▶ [Records for the exercise]:
□ □ □ □ □ □ □
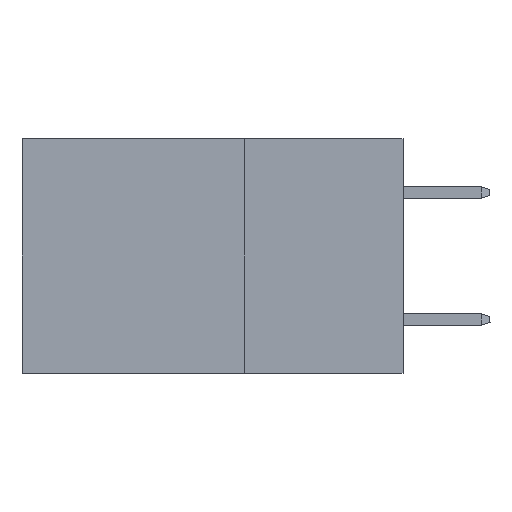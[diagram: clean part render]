
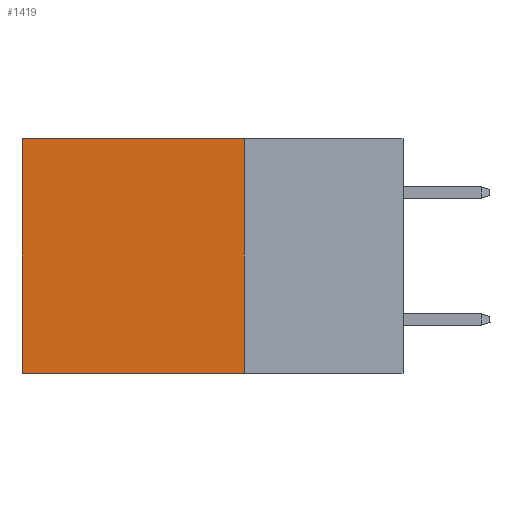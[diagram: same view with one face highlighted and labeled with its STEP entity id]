
A CAD part, left-side view. The second image highlights one B-rep face of the part: STEP entity #1419.
In plain terms, the highlighted planar face has unit normal (-1, 0, 0).
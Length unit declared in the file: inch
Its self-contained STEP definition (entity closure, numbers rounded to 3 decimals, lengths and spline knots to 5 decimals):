
#324 = PLANE ( 'NONE',  #6638 ) ;
#431 = VECTOR ( 'NONE', #4381, 39.37008 ) ;
#1157 = LINE ( 'NONE', #6804, #11238 ) ;
#1419 = ADVANCED_FACE ( 'NONE', ( #5985 ), #324, .F. ) ;
#1839 = VECTOR ( 'NONE', #10952, 39.37008 ) ;
#2000 = CARTESIAN_POINT ( 'NONE',  ( 0.2875, 0.25, 0. ) ) ;
#2178 = CARTESIAN_POINT ( 'NONE',  ( 0.2875, 0.6, 0. ) ) ;
#2946 = VECTOR ( 'NONE', #11305, 39.37008 ) ;
#4258 = EDGE_CURVE ( 'NONE', #10316, #11235, #7652, .T. ) ;
#4381 = DIRECTION ( 'NONE',  ( 0., 0., -1. ) ) ;
#4863 = VERTEX_POINT ( 'NONE', #5825 ) ;
#5825 = CARTESIAN_POINT ( 'NONE',  ( 0.2875, 0.6, 0. ) ) ;
#5985 = FACE_OUTER_BOUND ( 'NONE', #14527, .T. ) ;
#6517 = CARTESIAN_POINT ( 'NONE',  ( 0.2875, 0.6, -0.37 ) ) ;
#6638 = AXIS2_PLACEMENT_3D ( 'NONE', #8358, #10654, #7171 ) ;
#6804 = CARTESIAN_POINT ( 'NONE',  ( 0.2875, 0.25, 0. ) ) ;
#7171 = DIRECTION ( 'NONE',  ( 0., 0., -1. ) ) ;
#7553 = EDGE_CURVE ( 'NONE', #11235, #14356, #13282, .T. ) ;
#7652 = LINE ( 'NONE', #7728, #431 ) ;
#7728 = CARTESIAN_POINT ( 'NONE',  ( 0.2875, 0.25, 0. ) ) ;
#8239 = CARTESIAN_POINT ( 'NONE',  ( 0.2875, 0.25, -0.37 ) ) ;
#8358 = CARTESIAN_POINT ( 'NONE',  ( 0.2875, 0.25, 0. ) ) ;
#8599 = ORIENTED_EDGE ( 'NONE', *, *, #12376, .T. ) ;
#8934 = ORIENTED_EDGE ( 'NONE', *, *, #7553, .F. ) ;
#10222 = DIRECTION ( 'NONE',  ( 0., 1., 0. ) ) ;
#10316 = VERTEX_POINT ( 'NONE', #2000 ) ;
#10654 = DIRECTION ( 'NONE',  ( 1., 0., 0. ) ) ;
#10915 = ORIENTED_EDGE ( 'NONE', *, *, #13283, .T. ) ;
#10952 = DIRECTION ( 'NONE',  ( 0., 1., 0. ) ) ;
#11235 = VERTEX_POINT ( 'NONE', #8239 ) ;
#11238 = VECTOR ( 'NONE', #10222, 39.37008 ) ;
#11305 = DIRECTION ( 'NONE',  ( 0., 0., -1. ) ) ;
#12157 = CARTESIAN_POINT ( 'NONE',  ( 0.2875, 0.25, -0.37 ) ) ;
#12357 = LINE ( 'NONE', #2178, #2946 ) ;
#12376 = EDGE_CURVE ( 'NONE', #4863, #14356, #12357, .T. ) ;
#13282 = LINE ( 'NONE', #12157, #1839 ) ;
#13283 = EDGE_CURVE ( 'NONE', #10316, #4863, #1157, .T. ) ;
#14236 = ORIENTED_EDGE ( 'NONE', *, *, #4258, .F. ) ;
#14356 = VERTEX_POINT ( 'NONE', #6517 ) ;
#14527 = EDGE_LOOP ( 'NONE', ( #8599, #8934, #14236, #10915 ) ) ;
□ □ □ □ □ □ □
▶ [Work to be completed]:
Among the lines above, find those carrying the word "DIRECTION" and copy them out.

▶ [Response area]:
#4381 = DIRECTION ( 'NONE',  ( 0., 0., -1. ) ) ;
#7171 = DIRECTION ( 'NONE',  ( 0., 0., -1. ) ) ;
#10222 = DIRECTION ( 'NONE',  ( 0., 1., 0. ) ) ;
#10654 = DIRECTION ( 'NONE',  ( 1., 0., 0. ) ) ;
#10952 = DIRECTION ( 'NONE',  ( 0., 1., 0. ) ) ;
#11305 = DIRECTION ( 'NONE',  ( 0., 0., -1. ) ) ;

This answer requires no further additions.